# Where do I start?



## lady323 (Nov 12, 2010)

This may be long....

I have been married 6 years (we are an older couple). A couple of years ago, while I was traveling he called me to say he had a friend (female) of a friend (female) in Canada that was in jail due to domestic abuse and both husband/wife were put in jail. This friend “W” lives out of the country and called my husband to see if he could help “S” out as she had nobody up there. Needless to say he got in his car and drove and sorted things out as much as he could considering he wasn’t family. He came back and then he became involved in the situation and was brought into the case due to seeing her physical wounds, damaged to the house, etc. No problem. However, since then and over the years he has been either flying or driving to Canada—telling me he is helping her fix up the house the ex damaged, going to court with her (still ongoing), helping her move to an apartment, helping her move again to another part of Canada. Going to China to meet her family. Then last year he was blaming me as he had issues with the custom border patrol and they took away his nexus speed pass. He told me that they told him they had a record of someone calling them telling them when you’re coming, what car you drive, etc. For the life of me I have no idea why they would be stopping and questioning him as I for one wouldn’t have called. Of course to this day he has yet to tell me what exactly happened as every time I ask he tells me he doesn’t want to get into it.
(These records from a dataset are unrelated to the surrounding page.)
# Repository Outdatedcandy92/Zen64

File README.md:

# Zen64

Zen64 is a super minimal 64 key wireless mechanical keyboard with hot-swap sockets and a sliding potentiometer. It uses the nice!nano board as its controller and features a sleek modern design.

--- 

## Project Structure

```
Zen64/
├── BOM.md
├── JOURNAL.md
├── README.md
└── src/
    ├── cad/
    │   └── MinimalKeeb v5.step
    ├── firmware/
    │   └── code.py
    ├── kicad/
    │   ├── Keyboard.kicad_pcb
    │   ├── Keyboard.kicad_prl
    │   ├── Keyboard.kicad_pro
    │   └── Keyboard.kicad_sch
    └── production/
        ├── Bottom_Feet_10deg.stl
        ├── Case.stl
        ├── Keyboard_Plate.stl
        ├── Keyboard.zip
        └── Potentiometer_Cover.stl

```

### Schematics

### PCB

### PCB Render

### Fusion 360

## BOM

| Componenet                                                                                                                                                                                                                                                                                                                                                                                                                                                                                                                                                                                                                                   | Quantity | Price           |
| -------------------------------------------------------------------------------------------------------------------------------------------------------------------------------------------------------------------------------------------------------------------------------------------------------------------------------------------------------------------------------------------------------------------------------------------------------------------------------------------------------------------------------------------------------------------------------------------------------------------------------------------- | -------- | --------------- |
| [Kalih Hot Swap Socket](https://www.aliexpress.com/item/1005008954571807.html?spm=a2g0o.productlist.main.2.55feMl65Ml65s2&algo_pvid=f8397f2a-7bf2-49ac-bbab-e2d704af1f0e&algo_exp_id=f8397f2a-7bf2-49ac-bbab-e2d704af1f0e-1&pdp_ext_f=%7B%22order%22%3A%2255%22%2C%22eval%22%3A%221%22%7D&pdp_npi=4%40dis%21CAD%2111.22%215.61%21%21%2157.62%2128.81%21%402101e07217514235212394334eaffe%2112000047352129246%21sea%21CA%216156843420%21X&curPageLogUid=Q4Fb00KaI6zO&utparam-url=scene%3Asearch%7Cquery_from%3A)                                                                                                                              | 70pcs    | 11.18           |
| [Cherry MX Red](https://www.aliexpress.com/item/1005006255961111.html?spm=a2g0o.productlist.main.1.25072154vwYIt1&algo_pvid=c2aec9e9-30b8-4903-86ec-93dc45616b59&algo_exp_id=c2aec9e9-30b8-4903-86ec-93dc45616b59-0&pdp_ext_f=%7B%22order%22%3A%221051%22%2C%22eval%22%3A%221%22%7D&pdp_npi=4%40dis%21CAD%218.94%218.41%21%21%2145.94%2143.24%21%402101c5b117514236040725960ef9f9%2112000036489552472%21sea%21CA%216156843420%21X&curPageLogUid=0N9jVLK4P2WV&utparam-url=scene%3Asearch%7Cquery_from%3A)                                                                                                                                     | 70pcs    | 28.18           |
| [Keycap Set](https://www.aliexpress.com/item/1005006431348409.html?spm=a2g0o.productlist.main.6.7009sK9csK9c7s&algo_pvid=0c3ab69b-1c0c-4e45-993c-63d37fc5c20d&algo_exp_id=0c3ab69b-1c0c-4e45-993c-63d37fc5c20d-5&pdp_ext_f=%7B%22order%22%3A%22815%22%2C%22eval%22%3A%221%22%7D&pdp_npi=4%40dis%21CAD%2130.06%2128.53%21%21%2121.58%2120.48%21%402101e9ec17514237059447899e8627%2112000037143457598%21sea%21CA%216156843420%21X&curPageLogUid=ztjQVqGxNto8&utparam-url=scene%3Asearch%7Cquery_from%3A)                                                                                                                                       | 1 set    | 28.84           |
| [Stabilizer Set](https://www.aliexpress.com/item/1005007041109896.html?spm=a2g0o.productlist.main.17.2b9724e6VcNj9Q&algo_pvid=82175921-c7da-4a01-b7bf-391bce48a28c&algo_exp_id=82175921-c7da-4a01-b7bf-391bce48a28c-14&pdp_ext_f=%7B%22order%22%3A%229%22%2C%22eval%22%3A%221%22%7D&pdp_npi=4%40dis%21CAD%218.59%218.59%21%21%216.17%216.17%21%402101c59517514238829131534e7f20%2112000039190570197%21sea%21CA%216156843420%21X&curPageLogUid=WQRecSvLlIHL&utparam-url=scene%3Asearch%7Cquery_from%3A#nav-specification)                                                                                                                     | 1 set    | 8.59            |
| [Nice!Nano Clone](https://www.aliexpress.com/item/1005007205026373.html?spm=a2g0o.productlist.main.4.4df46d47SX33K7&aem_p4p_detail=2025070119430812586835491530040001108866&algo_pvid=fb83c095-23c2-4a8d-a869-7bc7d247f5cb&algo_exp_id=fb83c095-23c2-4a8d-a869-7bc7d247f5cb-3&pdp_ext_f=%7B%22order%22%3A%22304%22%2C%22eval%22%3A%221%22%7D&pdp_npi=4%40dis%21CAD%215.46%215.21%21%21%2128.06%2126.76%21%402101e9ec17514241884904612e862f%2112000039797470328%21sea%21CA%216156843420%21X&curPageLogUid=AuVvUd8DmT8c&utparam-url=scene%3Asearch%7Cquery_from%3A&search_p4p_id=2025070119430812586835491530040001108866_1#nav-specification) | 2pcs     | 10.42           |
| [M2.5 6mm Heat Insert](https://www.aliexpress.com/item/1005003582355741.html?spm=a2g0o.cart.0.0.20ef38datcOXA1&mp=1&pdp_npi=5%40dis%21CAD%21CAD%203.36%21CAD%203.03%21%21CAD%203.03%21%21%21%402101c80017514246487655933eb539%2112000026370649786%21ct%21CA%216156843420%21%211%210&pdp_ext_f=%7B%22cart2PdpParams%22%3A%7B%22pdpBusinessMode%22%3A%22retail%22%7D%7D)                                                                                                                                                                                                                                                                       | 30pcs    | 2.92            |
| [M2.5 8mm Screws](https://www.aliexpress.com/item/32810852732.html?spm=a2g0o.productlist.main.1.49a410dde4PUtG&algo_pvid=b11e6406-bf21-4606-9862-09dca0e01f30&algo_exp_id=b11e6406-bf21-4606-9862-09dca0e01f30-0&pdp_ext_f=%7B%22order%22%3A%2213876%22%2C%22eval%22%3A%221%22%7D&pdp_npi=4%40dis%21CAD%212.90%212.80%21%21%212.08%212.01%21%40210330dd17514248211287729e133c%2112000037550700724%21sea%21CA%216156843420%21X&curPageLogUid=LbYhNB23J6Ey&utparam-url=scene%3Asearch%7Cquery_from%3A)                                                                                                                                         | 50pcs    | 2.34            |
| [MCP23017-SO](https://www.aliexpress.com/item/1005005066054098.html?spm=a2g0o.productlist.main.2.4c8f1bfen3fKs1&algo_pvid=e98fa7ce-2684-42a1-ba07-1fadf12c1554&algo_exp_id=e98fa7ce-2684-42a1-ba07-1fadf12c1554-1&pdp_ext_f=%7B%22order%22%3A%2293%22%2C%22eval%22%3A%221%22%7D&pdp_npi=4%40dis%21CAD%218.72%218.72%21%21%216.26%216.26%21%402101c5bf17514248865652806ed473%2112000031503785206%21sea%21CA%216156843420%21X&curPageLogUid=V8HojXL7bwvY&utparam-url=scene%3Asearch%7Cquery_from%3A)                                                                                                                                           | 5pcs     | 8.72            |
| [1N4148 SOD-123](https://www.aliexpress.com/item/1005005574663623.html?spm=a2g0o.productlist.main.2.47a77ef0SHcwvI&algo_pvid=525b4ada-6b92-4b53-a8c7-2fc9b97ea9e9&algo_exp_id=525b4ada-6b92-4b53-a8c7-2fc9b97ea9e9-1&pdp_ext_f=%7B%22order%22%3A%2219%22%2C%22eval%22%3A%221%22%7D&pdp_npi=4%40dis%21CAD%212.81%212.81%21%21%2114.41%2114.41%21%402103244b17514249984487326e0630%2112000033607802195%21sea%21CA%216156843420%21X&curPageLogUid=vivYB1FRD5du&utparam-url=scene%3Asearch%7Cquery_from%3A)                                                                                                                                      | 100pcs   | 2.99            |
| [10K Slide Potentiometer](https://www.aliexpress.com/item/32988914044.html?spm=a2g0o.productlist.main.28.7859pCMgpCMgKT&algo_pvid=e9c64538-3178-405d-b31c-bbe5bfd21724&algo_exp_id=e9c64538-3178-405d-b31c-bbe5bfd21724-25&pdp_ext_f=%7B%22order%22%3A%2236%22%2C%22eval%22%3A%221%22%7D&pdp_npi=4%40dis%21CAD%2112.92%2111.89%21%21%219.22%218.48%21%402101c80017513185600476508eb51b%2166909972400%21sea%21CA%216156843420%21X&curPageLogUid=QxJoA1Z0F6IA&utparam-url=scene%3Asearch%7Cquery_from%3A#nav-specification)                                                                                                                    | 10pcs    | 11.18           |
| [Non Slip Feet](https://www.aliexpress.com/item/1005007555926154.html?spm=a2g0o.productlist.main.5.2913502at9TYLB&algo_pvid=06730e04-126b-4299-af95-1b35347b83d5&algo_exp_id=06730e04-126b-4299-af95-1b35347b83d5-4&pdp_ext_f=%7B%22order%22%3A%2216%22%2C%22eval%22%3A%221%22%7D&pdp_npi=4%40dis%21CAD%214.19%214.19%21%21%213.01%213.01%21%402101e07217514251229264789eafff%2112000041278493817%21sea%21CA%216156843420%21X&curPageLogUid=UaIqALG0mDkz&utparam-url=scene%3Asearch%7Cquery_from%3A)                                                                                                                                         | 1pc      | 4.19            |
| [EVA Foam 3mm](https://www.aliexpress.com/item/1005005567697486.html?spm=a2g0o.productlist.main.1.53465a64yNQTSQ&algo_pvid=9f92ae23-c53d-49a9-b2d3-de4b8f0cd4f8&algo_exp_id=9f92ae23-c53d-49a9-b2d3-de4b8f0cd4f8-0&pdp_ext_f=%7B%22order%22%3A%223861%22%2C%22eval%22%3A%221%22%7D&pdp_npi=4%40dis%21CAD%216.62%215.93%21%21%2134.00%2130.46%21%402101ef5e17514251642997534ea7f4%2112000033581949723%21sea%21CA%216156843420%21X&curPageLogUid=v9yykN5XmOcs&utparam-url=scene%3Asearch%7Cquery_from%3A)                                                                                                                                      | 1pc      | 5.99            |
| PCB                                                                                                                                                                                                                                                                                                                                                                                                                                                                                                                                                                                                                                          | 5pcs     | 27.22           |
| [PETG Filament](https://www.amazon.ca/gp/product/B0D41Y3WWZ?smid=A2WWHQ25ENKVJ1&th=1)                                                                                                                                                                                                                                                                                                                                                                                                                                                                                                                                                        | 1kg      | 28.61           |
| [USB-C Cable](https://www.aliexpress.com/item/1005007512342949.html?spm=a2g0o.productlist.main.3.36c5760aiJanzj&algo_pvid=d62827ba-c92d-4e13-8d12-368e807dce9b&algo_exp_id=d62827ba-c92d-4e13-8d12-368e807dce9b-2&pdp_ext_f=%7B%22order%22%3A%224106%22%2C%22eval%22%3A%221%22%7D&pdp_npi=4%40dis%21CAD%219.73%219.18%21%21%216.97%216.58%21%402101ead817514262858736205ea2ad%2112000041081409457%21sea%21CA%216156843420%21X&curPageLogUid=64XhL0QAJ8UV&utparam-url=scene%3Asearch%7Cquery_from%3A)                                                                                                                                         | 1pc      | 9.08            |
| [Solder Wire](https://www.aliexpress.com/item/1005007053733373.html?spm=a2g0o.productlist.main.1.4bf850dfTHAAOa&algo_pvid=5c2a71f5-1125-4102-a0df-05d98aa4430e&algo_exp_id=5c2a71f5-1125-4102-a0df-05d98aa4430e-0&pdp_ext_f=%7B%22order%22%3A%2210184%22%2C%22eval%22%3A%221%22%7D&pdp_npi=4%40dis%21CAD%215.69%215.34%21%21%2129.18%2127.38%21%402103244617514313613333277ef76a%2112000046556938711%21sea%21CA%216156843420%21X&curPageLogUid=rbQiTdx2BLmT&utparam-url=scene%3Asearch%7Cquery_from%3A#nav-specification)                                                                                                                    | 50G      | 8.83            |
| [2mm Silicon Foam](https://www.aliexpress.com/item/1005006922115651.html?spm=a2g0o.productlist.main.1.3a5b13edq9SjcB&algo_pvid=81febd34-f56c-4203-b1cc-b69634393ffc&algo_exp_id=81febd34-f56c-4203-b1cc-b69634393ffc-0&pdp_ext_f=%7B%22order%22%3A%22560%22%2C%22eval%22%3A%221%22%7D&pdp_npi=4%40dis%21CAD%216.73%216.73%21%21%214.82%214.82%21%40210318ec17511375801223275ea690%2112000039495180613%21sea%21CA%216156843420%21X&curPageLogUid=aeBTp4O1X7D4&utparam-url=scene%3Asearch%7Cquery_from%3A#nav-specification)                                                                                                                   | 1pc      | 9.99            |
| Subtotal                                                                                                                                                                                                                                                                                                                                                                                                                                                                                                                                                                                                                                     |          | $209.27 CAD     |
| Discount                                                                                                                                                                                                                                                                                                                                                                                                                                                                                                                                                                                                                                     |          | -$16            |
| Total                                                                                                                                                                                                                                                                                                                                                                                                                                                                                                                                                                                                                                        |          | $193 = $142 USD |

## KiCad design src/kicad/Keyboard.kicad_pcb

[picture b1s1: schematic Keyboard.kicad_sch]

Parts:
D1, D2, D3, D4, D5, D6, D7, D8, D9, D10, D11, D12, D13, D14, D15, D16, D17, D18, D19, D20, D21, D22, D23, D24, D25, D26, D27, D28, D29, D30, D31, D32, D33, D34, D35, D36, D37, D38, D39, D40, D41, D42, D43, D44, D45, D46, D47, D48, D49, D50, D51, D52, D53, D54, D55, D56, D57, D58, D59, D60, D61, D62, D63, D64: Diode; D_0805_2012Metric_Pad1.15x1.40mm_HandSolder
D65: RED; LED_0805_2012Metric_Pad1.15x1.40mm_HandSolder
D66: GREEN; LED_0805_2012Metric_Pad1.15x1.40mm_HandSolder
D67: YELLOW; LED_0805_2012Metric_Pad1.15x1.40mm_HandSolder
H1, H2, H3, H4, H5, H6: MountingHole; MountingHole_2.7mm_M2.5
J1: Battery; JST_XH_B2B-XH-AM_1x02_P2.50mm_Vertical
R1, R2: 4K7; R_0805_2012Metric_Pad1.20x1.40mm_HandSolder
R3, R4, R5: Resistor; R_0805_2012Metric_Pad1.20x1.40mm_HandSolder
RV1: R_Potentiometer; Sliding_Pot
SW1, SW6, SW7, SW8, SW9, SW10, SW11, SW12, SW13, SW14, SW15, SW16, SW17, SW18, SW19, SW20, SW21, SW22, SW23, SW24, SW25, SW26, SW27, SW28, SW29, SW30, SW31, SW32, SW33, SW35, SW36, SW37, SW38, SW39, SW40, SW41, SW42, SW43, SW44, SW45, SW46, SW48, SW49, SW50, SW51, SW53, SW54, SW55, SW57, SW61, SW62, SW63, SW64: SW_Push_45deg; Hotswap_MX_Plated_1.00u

Long story short, he tells me he isn’t having an affair and that she is just a good friend. She calls numerous times a day and from the side of the conversation I hear it’s all innocent. He has told me if he was being unfaithful he wouldn’t be sleeping with me. I don’t understand why he feels the need to call her and vice versa so many times. He calls her in the morning while she drives to work, calls her when she drives home, asks her what she’s cooking for dinner, etc. The kicker is when I ask a question he gives me the minimal response and from what I can tell when she may ask the same question, he elaborates so much more in the response. 

Also, a couple of times I had come home from work and she had her webcam on at work and when I asked why she would have the webcam on her while she’s working and you say you don’t know as you don’t have your webcam on and you say you totally forgot about it. I say it’s so freaky and you would then minimize the screen. btw he doesn't work.

I admit I am not the greatest communicator but I am at wits end as to what to do. To me, he may not be in a physical affair but it certainly seems like it’s an emotional affair. I brought that up and he laughed and made me feel like I was the “stupid” one for even thinking that. 

The kicker is I haven’t met her and when I say I would like to meet her, his response is, I have my friends and you have yours. 

Not sure what else I can do and would appreciate any input men/ladies take on the above. Am I just being delusional?
Sorry for the rambling.

Thanks


----------



## DayDream (May 25, 2011)

He is in an emotional affair, at the very least. This is encroaching upon your life and your marriage, and it's time he let this other woman go. It's gone beyond the good samaratain clause. It's looking pretty darn fishy, and something more is going on so don't let him try to pull the wool over your eyes and make you feel silly for thinking so. Just read up on all the other EAs going on on this site and you'll recognize the signs.


----------



## DayDream (May 25, 2011)

_Elly73: Husband mentoring a young girl 

--------------------------------------------------------------------------------

Hello All,

Thanks for taking the time to read my post. I am new to this group. I am married to a wonderful man. Both mid/late 30's with 3 children. The last several months my husband has been coaching this young woman (well really our age I think, but she is single). I noticed he talked about her quite a bit so I decided to check his email. Her name was everywhere. They have sent over 100+ emails, lots of skype chats and phone calls. I know there has been no sex as she lives in another state and they have not met. But clearly she has a crush on her wise old mentor - my hubby. She tells him how good he makes her feel, how she could not get through her college course without his guidance and that he is her lifesaver. He is clearly loving it. 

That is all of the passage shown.